Assignment: Set down the data below from its first line to the line holding "#24=CARTESIAN_POINT('',(0.,0.,0.));", inclusive; omit all pictures.

Listed entries:
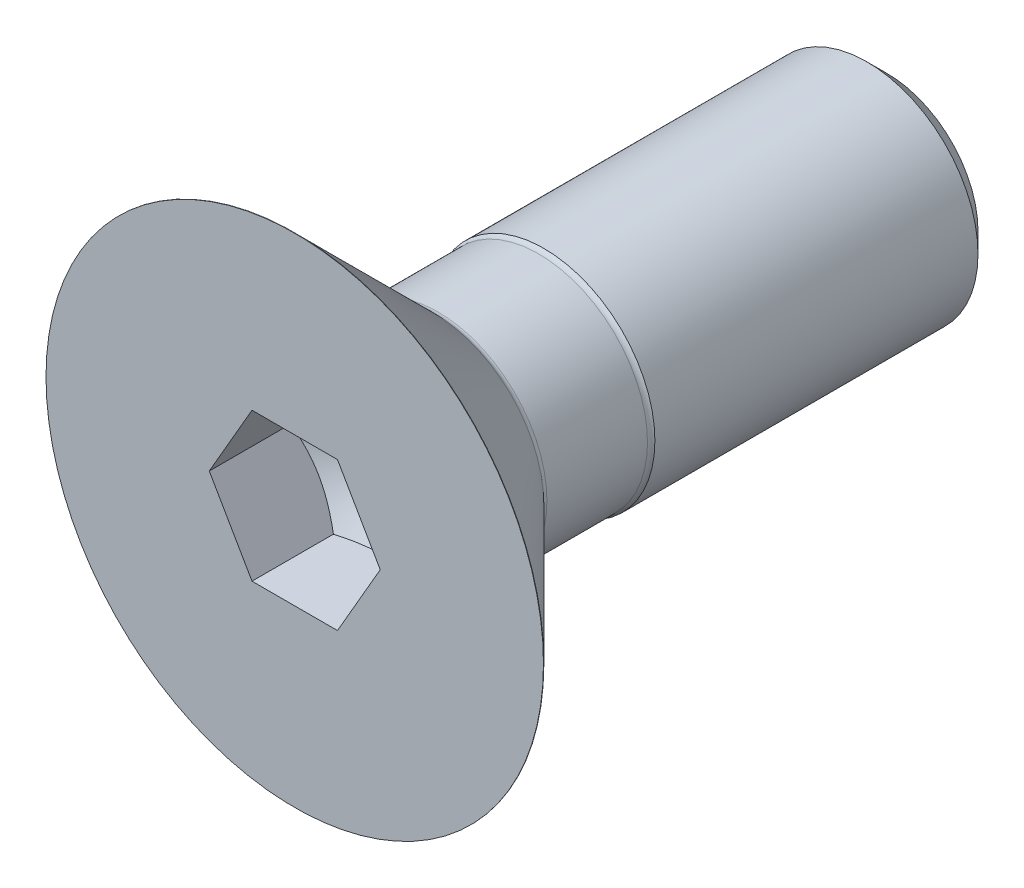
ISO-10303-21;
HEADER;
FILE_DESCRIPTION(('STEP AP214'),'2;1');
FILE_NAME('part.step','',(''),(''),'','','');
FILE_SCHEMA(('AUTOMOTIVE_DESIGN { 1 0 10303 214 1 1 1 1 }'));
ENDSEC;
DATA;
#1=APPLICATION_CONTEXT('core data for automotive mechanical design processes');
#2=APPLICATION_PROTOCOL_DEFINITION('international standard','automotive_design',2000,#1);
#3=PRODUCT_CONTEXT('',#1,'mechanical');
#4=PRODUCT('Part','Part','',(#3));
#5=PRODUCT_RELATED_PRODUCT_CATEGORY('part','',(#4));
#6=PRODUCT_DEFINITION_FORMATION('','',#4);
#7=PRODUCT_DEFINITION_CONTEXT('part definition',#1,'design');
#8=PRODUCT_DEFINITION('design','',#6,#7);
#9=PRODUCT_DEFINITION_SHAPE('','',#8);
#10=(LENGTH_UNIT() NAMED_UNIT(*) SI_UNIT(.MILLI.,.METRE.));
#11=(NAMED_UNIT(*) PLANE_ANGLE_UNIT() SI_UNIT($,.RADIAN.));
#12=(NAMED_UNIT(*) SI_UNIT($,.STERADIAN.) SOLID_ANGLE_UNIT());
#13=UNCERTAINTY_MEASURE_WITH_UNIT(LENGTH_MEASURE(1.E-05),#10,'distance_accuracy_value','');
#14=(GEOMETRIC_REPRESENTATION_CONTEXT(3) GLOBAL_UNCERTAINTY_ASSIGNED_CONTEXT((#13)) GLOBAL_UNIT_ASSIGNED_CONTEXT((#10,
#11,#12)) REPRESENTATION_CONTEXT('',''));
#15=CARTESIAN_POINT('',(0.,0.,0.));
#16=DIRECTION('',(0.,0.,1.));
#17=DIRECTION('',(1.,0.,0.));
#18=AXIS2_PLACEMENT_3D('',#15,#16,#17);
#19=CARTESIAN_POINT('',(0.,6.72,0.));
#20=DIRECTION('',(0.,0.,-1.));
#21=DIRECTION('',(-1.,0.,0.));
#22=AXIS2_PLACEMENT_3D('',#19,#20,#21);
#23=PLANE('',#22);
#24=CARTESIAN_POINT('',(0.,0.,0.));
#25=DIRECTION('',(0.,0.,1.));
#26=DIRECTION('',(1.,0.,0.));
#27=AXIS2_PLACEMENT_3D('',#24,#25,#26);
#28=CIRCLE('',#27,6.72);
#29=CARTESIAN_POINT('',(6.72,0.,0.));
#30=VERTEX_POINT('',#29);
#31=EDGE_CURVE('E106',#30,#30,#28,.T.);
#32=ORIENTED_EDGE('',*,*,#31,.T.);
#33=EDGE_LOOP('',(#32));
#34=FACE_BOUND('',#33,.T.);
#35=DIRECTION('',(0.5,-0.866025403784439,0.));
#36=VECTOR('',#35,1.);
#37=CARTESIAN_POINT('',(1.1547,1.99999906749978,0.));
#38=LINE('',#37,#36);
#39=CARTESIAN_POINT('',(1.1547,1.99999906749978,0.));
#40=VERTEX_POINT('',#39);
#41=CARTESIAN_POINT('',(2.3094,0.,0.));
#42=VERTEX_POINT('',#41);
#43=EDGE_CURVE('E30',#40,#42,#38,.T.);
#44=ORIENTED_EDGE('',*,*,#43,.T.);
#45=DIRECTION('',(-0.5,-0.866025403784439,0.));
#46=VECTOR('',#45,1.);
#47=CARTESIAN_POINT('',(2.3094,0.,0.));
#48=LINE('',#47,#46);
#49=CARTESIAN_POINT('',(1.1547,-1.99999906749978,0.));
#50=VERTEX_POINT('',#49);
#51=EDGE_CURVE('E181',#42,#50,#48,.T.);
#52=ORIENTED_EDGE('',*,*,#51,.T.);
#53=DIRECTION('',(-1.,0.,0.));
#54=VECTOR('',#53,1.);
#55=CARTESIAN_POINT('',(1.1547,-1.99999906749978,0.));
#56=LINE('',#55,#54);
#57=CARTESIAN_POINT('',(-1.1547,-1.99999906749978,0.));
#58=VERTEX_POINT('',#57);
#59=EDGE_CURVE('E233',#50,#58,#56,.T.);
#60=ORIENTED_EDGE('',*,*,#59,.T.);
#61=DIRECTION('',(-0.5,0.866025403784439,0.));
#62=VECTOR('',#61,1.);
#63=CARTESIAN_POINT('',(-1.1547,-1.99999906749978,0.));
#64=LINE('',#63,#62);
#65=CARTESIAN_POINT('',(-2.3094,0.,0.));
#66=VERTEX_POINT('',#65);
#67=EDGE_CURVE('E231',#58,#66,#64,.T.);
#68=ORIENTED_EDGE('',*,*,#67,.T.);
#69=DIRECTION('',(0.5,0.866025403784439,0.));
#70=VECTOR('',#69,1.);
#71=CARTESIAN_POINT('',(-2.3094,0.,0.));
#72=LINE('',#71,#70);
#73=CARTESIAN_POINT('',(-1.1547,1.99999906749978,0.));
#74=VERTEX_POINT('',#73);
#75=EDGE_CURVE('E95',#66,#74,#72,.T.);
#76=ORIENTED_EDGE('',*,*,#75,.T.);
#77=DIRECTION('',(1.,0.,0.));
#78=VECTOR('',#77,1.);
#79=CARTESIAN_POINT('',(-1.1547,1.99999906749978,0.));
#80=LINE('',#79,#78);
#81=EDGE_CURVE('E91',#74,#40,#80,.T.);
#82=ORIENTED_EDGE('',*,*,#81,.T.);
#83=EDGE_LOOP('',(#44,#52,#60,#68,#76,#82));
#84=FACE_BOUND('',#83,.T.);
#85=ADVANCED_FACE('F16',(#34,#84),#23,.F.);
#86=CARTESIAN_POINT('',(0.,0.,-16.));
#87=DIRECTION('',(0.,0.,1.));
#88=DIRECTION('',(1.,0.,0.));
#89=AXIS2_PLACEMENT_3D('',#86,#87,#88);
#90=PLANE('',#89);
#91=CARTESIAN_POINT('',(0.,0.,-16.));
#92=DIRECTION('',(0.,0.,1.));
#93=DIRECTION('',(1.,0.,0.));
#94=AXIS2_PLACEMENT_3D('',#91,#92,#93);
#95=CIRCLE('',#94,2.45875);
#96=CARTESIAN_POINT('',(2.45875,0.,-16.));
#97=VERTEX_POINT('',#96);
#98=EDGE_CURVE('E11',#97,#97,#95,.T.);
#99=ORIENTED_EDGE('',*,*,#98,.F.);
#100=EDGE_LOOP('',(#99));
#101=FACE_BOUND('',#100,.T.);
#102=ADVANCED_FACE('F131',(#101),#90,.F.);
#103=CARTESIAN_POINT('',(0.,0.,-16.));
#104=DIRECTION('',(0.,0.,1.));
#105=DIRECTION('',(1.,0.,0.));
#106=AXIS2_PLACEMENT_3D('',#103,#104,#105);
#107=CONICAL_SURFACE('',#106,2.45875,0.785398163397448);
#108=CARTESIAN_POINT('',(0.,0.,-15.45875));
#109=DIRECTION('',(0.,0.,1.));
#110=DIRECTION('',(1.,0.,0.));
#111=AXIS2_PLACEMENT_3D('',#108,#109,#110);
#112=CIRCLE('',#111,3.);
#113=CARTESIAN_POINT('',(3.,0.,-15.45875));
#114=VERTEX_POINT('',#113);
#115=EDGE_CURVE('E23',#114,#114,#112,.T.);
#116=ORIENTED_EDGE('',*,*,#115,.F.);
#117=EDGE_LOOP('',(#116));
#118=FACE_BOUND('',#117,.T.);
#119=ORIENTED_EDGE('',*,*,#98,.T.);
#120=EDGE_LOOP('',(#119));
#121=FACE_BOUND('',#120,.T.);
#122=ADVANCED_FACE('F128',(#118,#121),#107,.T.);
#123=CARTESIAN_POINT('',(0.,0.,0.));
#124=DIRECTION('',(0.,0.,1.));
#125=DIRECTION('',(1.,0.,0.));
#126=AXIS2_PLACEMENT_3D('',#123,#124,#125);
#127=CYLINDRICAL_SURFACE('',#126,3.);
#128=CARTESIAN_POINT('',(0.,0.,-6.73));
#129=DIRECTION('',(0.,0.,1.));
#130=DIRECTION('',(1.,0.,0.));
#131=AXIS2_PLACEMENT_3D('',#128,#129,#130);
#132=CIRCLE('',#131,3.);
#133=CARTESIAN_POINT('',(3.,0.,-6.73));
#134=VERTEX_POINT('',#133);
#135=EDGE_CURVE('E121',#134,#134,#132,.T.);
#136=ORIENTED_EDGE('',*,*,#135,.F.);
#137=EDGE_LOOP('',(#136));
#138=FACE_BOUND('',#137,.T.);
#139=ORIENTED_EDGE('',*,*,#115,.T.);
#140=EDGE_LOOP('',(#139));
#141=FACE_BOUND('',#140,.T.);
#142=ADVANCED_FACE('F126',(#138,#141),#127,.T.);
#143=CARTESIAN_POINT('',(0.,0.,-6.58857864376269));
#144=DIRECTION('',(0.,0.,1.));
#145=DIRECTION('',(1.,0.,0.));
#146=AXIS2_PLACEMENT_3D('',#143,#144,#145);
#147=TOROIDAL_SURFACE('',#146,3.14142135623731,0.2);
#148=ORIENTED_EDGE('',*,*,#135,.T.);
#149=EDGE_LOOP('',(#148));
#150=FACE_BOUND('',#149,.T.);
#151=CARTESIAN_POINT('',(0.,0.,-6.58857864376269));
#152=DIRECTION('',(0.,0.,1.));
#153=DIRECTION('',(1.,0.,0.));
#154=AXIS2_PLACEMENT_3D('',#151,#152,#153);
#155=CIRCLE('',#154,2.94142135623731);
#156=CARTESIAN_POINT('',(2.94142135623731,0.,-6.58857864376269));
#157=VERTEX_POINT('',#156);
#158=EDGE_CURVE('E118',#157,#157,#155,.T.);
#159=ORIENTED_EDGE('',*,*,#158,.F.);
#160=EDGE_LOOP('',(#159));
#161=FACE_BOUND('',#160,.T.);
#162=ADVANCED_FACE('F145',(#150,#161),#147,.F.);
#163=CARTESIAN_POINT('',(0.,0.,0.));
#164=DIRECTION('',(0.,0.,1.));
#165=DIRECTION('',(1.,0.,0.));
#166=AXIS2_PLACEMENT_3D('',#163,#164,#165);
#167=CYLINDRICAL_SURFACE('',#166,2.94142135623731);
#168=CARTESIAN_POINT('',(0.,0.,-3.87142135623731));
#169=DIRECTION('',(0.,0.,1.));
#170=DIRECTION('',(1.,0.,0.));
#171=AXIS2_PLACEMENT_3D('',#168,#169,#170);
#172=CIRCLE('',#171,2.94142135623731);
#173=CARTESIAN_POINT('',(2.94142135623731,0.,-3.87142135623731));
#174=VERTEX_POINT('',#173);
#175=EDGE_CURVE('E115',#174,#174,#172,.T.);
#176=ORIENTED_EDGE('',*,*,#175,.F.);
#177=EDGE_LOOP('',(#176));
#178=FACE_BOUND('',#177,.T.);
#179=ORIENTED_EDGE('',*,*,#158,.T.);
#180=EDGE_LOOP('',(#179));
#181=FACE_BOUND('',#180,.T.);
#182=ADVANCED_FACE('F149',(#178,#181),#167,.T.);
#183=CARTESIAN_POINT('',(0.,0.,-3.87142135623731));
#184=DIRECTION('',(0.,0.,1.));
#185=DIRECTION('',(1.,0.,0.));
#186=AXIS2_PLACEMENT_3D('',#183,#184,#185);
#187=TOROIDAL_SURFACE('',#186,3.14142135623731,0.2);
#188=ORIENTED_EDGE('',*,*,#175,.T.);
#189=EDGE_LOOP('',(#188));
#190=FACE_BOUND('',#189,.T.);
#191=CARTESIAN_POINT('',(0.,0.,-3.73));
#192=DIRECTION('',(0.,0.,1.));
#193=DIRECTION('',(1.,0.,0.));
#194=AXIS2_PLACEMENT_3D('',#191,#192,#193);
#195=CIRCLE('',#194,3.);
#196=CARTESIAN_POINT('',(3.,0.,-3.73));
#197=VERTEX_POINT('',#196);
#198=EDGE_CURVE('E112',#197,#197,#195,.T.);
#199=ORIENTED_EDGE('',*,*,#198,.F.);
#200=EDGE_LOOP('',(#199));
#201=FACE_BOUND('',#200,.T.);
#202=ADVANCED_FACE('F153',(#190,#201),#187,.F.);
#203=CARTESIAN_POINT('',(0.,0.,-3.73));
#204=DIRECTION('',(0.,0.,1.));
#205=DIRECTION('',(1.,0.,0.));
#206=AXIS2_PLACEMENT_3D('',#203,#204,#205);
#207=CONICAL_SURFACE('',#206,3.,0.785398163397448);
#208=CARTESIAN_POINT('',(0.,0.,-0.0100000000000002));
#209=DIRECTION('',(0.,0.,1.));
#210=DIRECTION('',(1.,0.,0.));
#211=AXIS2_PLACEMENT_3D('',#208,#209,#210);
#212=CIRCLE('',#211,6.72);
#213=CARTESIAN_POINT('',(6.72,0.,-0.00999999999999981));
#214=VERTEX_POINT('',#213);
#215=EDGE_CURVE('E109',#214,#214,#212,.T.);
#216=ORIENTED_EDGE('',*,*,#215,.F.);
#217=EDGE_LOOP('',(#216));
#218=FACE_BOUND('',#217,.T.);
#219=ORIENTED_EDGE('',*,*,#198,.T.);
#220=EDGE_LOOP('',(#219));
#221=FACE_BOUND('',#220,.T.);
#222=ADVANCED_FACE('F157',(#218,#221),#207,.T.);
#223=CARTESIAN_POINT('',(0.,0.,0.));
#224=DIRECTION('',(0.,0.,1.));
#225=DIRECTION('',(1.,0.,0.));
#226=AXIS2_PLACEMENT_3D('',#223,#224,#225);
#227=CYLINDRICAL_SURFACE('',#226,6.72);
#228=ORIENTED_EDGE('',*,*,#31,.F.);
#229=EDGE_LOOP('',(#228));
#230=FACE_BOUND('',#229,.T.);
#231=ORIENTED_EDGE('',*,*,#215,.T.);
#232=EDGE_LOOP('',(#231));
#233=FACE_BOUND('',#232,.T.);
#234=ADVANCED_FACE('F161',(#230,#233),#227,.T.);
#235=CARTESIAN_POINT('',(1.1547,1.99999906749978,-3.53333271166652));
#236=DIRECTION('',(-0.866025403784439,-0.5,0.));
#237=DIRECTION('',(-0.5,0.866025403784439,0.));
#238=AXIS2_PLACEMENT_3D('',#235,#236,#237);
#239=PLANE('',#238);
#240=DIRECTION('',(0.,0.,1.));
#241=VECTOR('',#240,1.);
#242=CARTESIAN_POINT('',(2.3094,0.,-3.53333271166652));
#243=LINE('',#242,#241);
#244=CARTESIAN_POINT('',(2.3094,0.,-2.2));
#245=VERTEX_POINT('',#244);
#246=EDGE_CURVE('E104',#245,#42,#243,.T.);
#247=ORIENTED_EDGE('',*,*,#246,.T.);
#248=ORIENTED_EDGE('',*,*,#43,.F.);
#249=DIRECTION('',(0.,0.,1.));
#250=VECTOR('',#249,1.);
#251=CARTESIAN_POINT('',(1.1547,1.99999906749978,-3.53333271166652));
#252=LINE('',#251,#250);
#253=CARTESIAN_POINT('',(1.1547,1.99999906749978,-2.2));
#254=VERTEX_POINT('',#253);
#255=EDGE_CURVE('E85',#254,#40,#252,.T.);
#256=ORIENTED_EDGE('',*,*,#255,.F.);
#257=CARTESIAN_POINT('',(2.30940011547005,-2.00000000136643E-07,-2.19999993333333));
#258=CARTESIAN_POINT('',(2.25865804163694,0.0878876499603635,-2.22930438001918));
#259=CARTESIAN_POINT('',(2.20747796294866,0.176534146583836,-2.25595524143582));
#260=CARTESIAN_POINT('',(2.10423165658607,0.355361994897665,-2.30247352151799));
#261=CARTESIAN_POINT('',(2.0521635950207,0.445546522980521,-2.32232448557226));
#262=CARTESIAN_POINT('',(1.94867272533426,0.624797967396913,-2.35322394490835));
#263=CARTESIAN_POINT('',(1.89726583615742,0.713837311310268,-2.36447811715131));
#264=CARTESIAN_POINT('',(1.79421029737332,0.892334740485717,-2.37791074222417));
#265=CARTESIAN_POINT('',(1.74256202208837,0.981792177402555,-2.38010032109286));
#266=CARTESIAN_POINT('',(1.64606274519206,1.14893382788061,-2.37553363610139));
#267=CARTESIAN_POINT('',(1.60119726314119,1.2266431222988,-2.36989864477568));
#268=CARTESIAN_POINT('',(1.51175858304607,1.38155546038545,-2.35204263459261));
#269=CARTESIAN_POINT('',(1.46718569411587,1.45875796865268,-2.33981552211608));
#270=CARTESIAN_POINT('',(1.37756276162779,1.61398944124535,-2.30925010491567));
#271=CARTESIAN_POINT('',(1.3325240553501,1.69199876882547,-2.29078229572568));
#272=CARTESIAN_POINT('',(1.2431182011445,1.84685425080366,-2.24886817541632));
#273=CARTESIAN_POINT('',(1.19874990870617,1.92370238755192,-2.22543170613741));
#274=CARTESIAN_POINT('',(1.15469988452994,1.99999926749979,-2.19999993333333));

Result for this task:
ISO-10303-21;
HEADER;
FILE_DESCRIPTION(('STEP AP214'),'2;1');
FILE_NAME('part.step','',(''),(''),'','','');
FILE_SCHEMA(('AUTOMOTIVE_DESIGN { 1 0 10303 214 1 1 1 1 }'));
ENDSEC;
DATA;
#1=APPLICATION_CONTEXT('core data for automotive mechanical design processes');
#2=APPLICATION_PROTOCOL_DEFINITION('international standard','automotive_design',2000,#1);
#3=PRODUCT_CONTEXT('',#1,'mechanical');
#4=PRODUCT('Part','Part','',(#3));
#5=PRODUCT_RELATED_PRODUCT_CATEGORY('part','',(#4));
#6=PRODUCT_DEFINITION_FORMATION('','',#4);
#7=PRODUCT_DEFINITION_CONTEXT('part definition',#1,'design');
#8=PRODUCT_DEFINITION('design','',#6,#7);
#9=PRODUCT_DEFINITION_SHAPE('','',#8);
#10=(LENGTH_UNIT() NAMED_UNIT(*) SI_UNIT(.MILLI.,.METRE.));
#11=(NAMED_UNIT(*) PLANE_ANGLE_UNIT() SI_UNIT($,.RADIAN.));
#12=(NAMED_UNIT(*) SI_UNIT($,.STERADIAN.) SOLID_ANGLE_UNIT());
#13=UNCERTAINTY_MEASURE_WITH_UNIT(LENGTH_MEASURE(1.E-05),#10,'distance_accuracy_value','');
#14=(GEOMETRIC_REPRESENTATION_CONTEXT(3) GLOBAL_UNCERTAINTY_ASSIGNED_CONTEXT((#13)) GLOBAL_UNIT_ASSIGNED_CONTEXT((#10,
#11,#12)) REPRESENTATION_CONTEXT('',''));
#15=CARTESIAN_POINT('',(0.,0.,0.));
#16=DIRECTION('',(0.,0.,1.));
#17=DIRECTION('',(1.,0.,0.));
#18=AXIS2_PLACEMENT_3D('',#15,#16,#17);
#19=CARTESIAN_POINT('',(0.,6.72,0.));
#20=DIRECTION('',(0.,0.,-1.));
#21=DIRECTION('',(-1.,0.,0.));
#22=AXIS2_PLACEMENT_3D('',#19,#20,#21);
#23=PLANE('',#22);
#24=CARTESIAN_POINT('',(0.,0.,0.));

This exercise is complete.